Instructions to follow
From the listing below, pull out all lines with "Inventor" in them.

Data extract

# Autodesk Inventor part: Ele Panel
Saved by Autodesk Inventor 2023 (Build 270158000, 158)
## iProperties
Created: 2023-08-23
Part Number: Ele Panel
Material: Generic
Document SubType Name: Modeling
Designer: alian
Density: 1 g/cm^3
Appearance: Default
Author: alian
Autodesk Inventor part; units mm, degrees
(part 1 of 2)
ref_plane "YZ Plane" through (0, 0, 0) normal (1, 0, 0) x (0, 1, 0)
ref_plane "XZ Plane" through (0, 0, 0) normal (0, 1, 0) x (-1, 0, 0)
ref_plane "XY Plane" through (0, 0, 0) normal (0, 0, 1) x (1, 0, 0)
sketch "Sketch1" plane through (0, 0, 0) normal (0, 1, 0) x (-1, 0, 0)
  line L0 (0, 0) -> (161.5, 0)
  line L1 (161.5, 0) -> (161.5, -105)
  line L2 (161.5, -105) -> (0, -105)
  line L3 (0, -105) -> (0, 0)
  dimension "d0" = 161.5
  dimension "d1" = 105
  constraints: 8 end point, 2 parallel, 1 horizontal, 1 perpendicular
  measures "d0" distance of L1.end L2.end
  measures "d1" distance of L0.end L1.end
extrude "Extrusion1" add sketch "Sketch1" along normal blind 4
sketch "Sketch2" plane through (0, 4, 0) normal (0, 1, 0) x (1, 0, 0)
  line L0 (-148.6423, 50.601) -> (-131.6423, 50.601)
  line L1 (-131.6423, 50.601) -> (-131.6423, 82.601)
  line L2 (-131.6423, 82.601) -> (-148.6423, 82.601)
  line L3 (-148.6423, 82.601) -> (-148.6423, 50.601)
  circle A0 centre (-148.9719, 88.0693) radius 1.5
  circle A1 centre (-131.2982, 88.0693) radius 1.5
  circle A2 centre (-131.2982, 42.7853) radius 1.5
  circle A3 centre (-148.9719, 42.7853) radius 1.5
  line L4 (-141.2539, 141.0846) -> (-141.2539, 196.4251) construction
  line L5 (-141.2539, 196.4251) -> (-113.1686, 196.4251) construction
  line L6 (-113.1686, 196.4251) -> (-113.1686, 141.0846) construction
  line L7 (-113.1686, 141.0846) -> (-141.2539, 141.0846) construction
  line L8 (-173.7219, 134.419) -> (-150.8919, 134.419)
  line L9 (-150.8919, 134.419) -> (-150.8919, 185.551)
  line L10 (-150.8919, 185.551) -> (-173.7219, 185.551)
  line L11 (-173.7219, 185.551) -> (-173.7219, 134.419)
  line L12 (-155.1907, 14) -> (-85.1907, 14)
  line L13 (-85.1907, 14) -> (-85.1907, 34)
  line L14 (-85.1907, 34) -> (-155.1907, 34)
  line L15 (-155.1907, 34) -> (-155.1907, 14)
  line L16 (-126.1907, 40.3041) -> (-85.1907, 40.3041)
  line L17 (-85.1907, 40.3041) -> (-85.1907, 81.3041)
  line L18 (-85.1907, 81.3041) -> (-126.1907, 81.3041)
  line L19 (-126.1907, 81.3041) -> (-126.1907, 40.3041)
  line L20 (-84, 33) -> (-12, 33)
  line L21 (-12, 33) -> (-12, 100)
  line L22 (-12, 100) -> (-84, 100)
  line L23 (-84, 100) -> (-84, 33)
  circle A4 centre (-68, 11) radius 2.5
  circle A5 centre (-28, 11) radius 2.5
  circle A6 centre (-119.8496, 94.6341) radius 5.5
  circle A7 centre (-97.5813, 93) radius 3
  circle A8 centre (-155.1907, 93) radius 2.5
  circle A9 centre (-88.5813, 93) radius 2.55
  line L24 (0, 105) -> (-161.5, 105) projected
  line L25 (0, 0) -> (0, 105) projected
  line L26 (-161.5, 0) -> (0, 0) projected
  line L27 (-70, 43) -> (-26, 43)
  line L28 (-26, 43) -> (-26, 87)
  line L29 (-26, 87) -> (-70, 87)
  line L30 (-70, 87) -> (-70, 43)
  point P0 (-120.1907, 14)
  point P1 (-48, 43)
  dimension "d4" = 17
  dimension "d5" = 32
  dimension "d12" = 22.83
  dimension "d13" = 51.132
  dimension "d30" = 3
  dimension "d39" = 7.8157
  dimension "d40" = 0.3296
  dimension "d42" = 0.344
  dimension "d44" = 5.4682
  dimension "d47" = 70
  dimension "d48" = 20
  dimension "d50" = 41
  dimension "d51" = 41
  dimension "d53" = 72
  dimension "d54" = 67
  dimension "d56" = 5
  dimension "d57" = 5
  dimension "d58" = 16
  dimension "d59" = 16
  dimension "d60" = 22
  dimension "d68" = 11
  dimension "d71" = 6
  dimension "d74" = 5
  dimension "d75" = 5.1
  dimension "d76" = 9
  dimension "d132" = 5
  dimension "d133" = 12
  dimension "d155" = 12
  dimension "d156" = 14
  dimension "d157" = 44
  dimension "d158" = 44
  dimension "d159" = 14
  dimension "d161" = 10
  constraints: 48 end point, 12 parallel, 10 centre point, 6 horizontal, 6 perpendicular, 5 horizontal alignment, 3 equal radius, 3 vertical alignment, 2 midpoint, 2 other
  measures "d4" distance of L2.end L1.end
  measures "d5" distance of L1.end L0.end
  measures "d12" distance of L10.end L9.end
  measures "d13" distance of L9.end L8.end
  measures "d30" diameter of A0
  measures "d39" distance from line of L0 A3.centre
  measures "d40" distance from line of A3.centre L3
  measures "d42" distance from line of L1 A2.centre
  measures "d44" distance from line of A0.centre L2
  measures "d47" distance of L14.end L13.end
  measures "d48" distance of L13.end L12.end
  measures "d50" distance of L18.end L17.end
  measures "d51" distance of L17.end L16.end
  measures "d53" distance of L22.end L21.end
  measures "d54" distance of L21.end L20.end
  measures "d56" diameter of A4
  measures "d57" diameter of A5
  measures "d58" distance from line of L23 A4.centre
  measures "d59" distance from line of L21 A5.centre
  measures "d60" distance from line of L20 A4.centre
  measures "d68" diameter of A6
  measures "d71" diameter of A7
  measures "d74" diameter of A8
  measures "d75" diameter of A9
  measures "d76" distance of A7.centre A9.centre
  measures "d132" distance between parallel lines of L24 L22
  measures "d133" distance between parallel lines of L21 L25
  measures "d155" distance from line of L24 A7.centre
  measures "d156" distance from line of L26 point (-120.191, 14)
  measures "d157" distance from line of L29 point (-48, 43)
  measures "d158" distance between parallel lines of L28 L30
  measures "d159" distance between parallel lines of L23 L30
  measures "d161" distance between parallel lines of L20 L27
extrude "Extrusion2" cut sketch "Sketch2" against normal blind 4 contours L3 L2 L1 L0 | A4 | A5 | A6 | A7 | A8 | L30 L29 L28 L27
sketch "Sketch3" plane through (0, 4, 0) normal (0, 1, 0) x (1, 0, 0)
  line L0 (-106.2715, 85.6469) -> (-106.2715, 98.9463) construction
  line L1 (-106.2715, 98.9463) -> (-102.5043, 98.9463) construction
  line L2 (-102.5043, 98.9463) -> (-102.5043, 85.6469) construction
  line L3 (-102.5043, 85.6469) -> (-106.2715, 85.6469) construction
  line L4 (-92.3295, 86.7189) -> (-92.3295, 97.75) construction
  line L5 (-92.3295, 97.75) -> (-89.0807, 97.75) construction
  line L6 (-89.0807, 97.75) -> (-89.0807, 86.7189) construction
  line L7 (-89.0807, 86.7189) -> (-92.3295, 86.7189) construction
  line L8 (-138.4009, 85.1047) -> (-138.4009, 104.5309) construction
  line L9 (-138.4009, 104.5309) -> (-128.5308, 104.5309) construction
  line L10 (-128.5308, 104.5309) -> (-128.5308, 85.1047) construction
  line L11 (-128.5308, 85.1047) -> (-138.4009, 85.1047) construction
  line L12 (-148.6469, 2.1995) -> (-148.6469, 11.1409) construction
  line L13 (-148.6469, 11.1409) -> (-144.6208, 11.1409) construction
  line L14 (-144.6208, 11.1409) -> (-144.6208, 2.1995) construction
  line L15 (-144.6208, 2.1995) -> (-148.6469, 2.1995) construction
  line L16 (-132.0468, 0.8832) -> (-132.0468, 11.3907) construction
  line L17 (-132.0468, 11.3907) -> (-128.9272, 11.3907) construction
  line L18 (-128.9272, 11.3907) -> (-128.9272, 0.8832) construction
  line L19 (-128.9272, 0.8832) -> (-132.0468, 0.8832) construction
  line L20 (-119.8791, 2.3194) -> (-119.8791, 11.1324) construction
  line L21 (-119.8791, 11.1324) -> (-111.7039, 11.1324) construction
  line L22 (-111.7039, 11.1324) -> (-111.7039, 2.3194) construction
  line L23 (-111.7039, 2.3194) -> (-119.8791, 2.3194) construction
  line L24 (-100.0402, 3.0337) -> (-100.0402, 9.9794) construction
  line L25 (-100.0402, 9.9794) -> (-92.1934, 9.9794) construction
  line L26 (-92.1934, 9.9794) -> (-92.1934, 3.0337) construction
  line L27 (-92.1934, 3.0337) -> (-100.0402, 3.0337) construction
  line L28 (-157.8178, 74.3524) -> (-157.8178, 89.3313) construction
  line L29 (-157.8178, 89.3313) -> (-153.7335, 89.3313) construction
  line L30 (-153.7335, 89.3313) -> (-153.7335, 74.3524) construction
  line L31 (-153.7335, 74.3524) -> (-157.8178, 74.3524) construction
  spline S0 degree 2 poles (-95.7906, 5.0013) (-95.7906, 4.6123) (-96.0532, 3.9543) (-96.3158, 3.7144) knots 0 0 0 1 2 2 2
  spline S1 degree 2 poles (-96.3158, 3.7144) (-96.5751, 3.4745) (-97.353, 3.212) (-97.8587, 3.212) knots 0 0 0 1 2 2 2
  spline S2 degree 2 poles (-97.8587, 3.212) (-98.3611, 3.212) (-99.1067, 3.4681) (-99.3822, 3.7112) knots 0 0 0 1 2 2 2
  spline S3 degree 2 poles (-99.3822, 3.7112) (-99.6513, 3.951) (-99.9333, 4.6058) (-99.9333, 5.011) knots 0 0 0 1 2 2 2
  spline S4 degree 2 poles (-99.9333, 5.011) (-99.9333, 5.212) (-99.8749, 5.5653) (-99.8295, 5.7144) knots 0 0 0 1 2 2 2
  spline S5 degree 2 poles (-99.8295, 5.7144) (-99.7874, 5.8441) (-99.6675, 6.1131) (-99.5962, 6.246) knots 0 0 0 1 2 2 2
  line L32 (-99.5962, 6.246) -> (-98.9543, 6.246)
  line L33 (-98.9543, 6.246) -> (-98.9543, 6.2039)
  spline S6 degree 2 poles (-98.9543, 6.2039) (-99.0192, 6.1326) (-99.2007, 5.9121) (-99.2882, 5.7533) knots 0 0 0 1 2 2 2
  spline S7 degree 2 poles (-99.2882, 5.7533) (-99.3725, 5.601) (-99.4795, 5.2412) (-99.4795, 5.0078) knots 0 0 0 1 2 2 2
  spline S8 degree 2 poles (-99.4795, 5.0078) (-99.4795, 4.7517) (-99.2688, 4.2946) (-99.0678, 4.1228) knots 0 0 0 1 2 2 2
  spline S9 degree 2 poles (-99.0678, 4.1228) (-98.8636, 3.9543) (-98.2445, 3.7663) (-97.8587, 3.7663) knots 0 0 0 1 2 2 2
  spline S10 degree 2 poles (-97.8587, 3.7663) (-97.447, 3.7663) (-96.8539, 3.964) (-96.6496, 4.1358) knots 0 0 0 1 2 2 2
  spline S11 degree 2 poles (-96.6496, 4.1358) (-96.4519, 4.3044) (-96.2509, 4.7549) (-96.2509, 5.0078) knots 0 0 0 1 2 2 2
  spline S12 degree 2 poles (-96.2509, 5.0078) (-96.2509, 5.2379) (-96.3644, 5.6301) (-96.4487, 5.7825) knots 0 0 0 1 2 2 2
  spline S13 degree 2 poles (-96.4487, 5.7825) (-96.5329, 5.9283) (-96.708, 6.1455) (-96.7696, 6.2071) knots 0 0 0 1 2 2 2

Problem solution
# Autodesk Inventor part: Ele Panel
Saved by Autodesk Inventor 2023 (Build 270158000, 158)
Autodesk Inventor part; units mm, degrees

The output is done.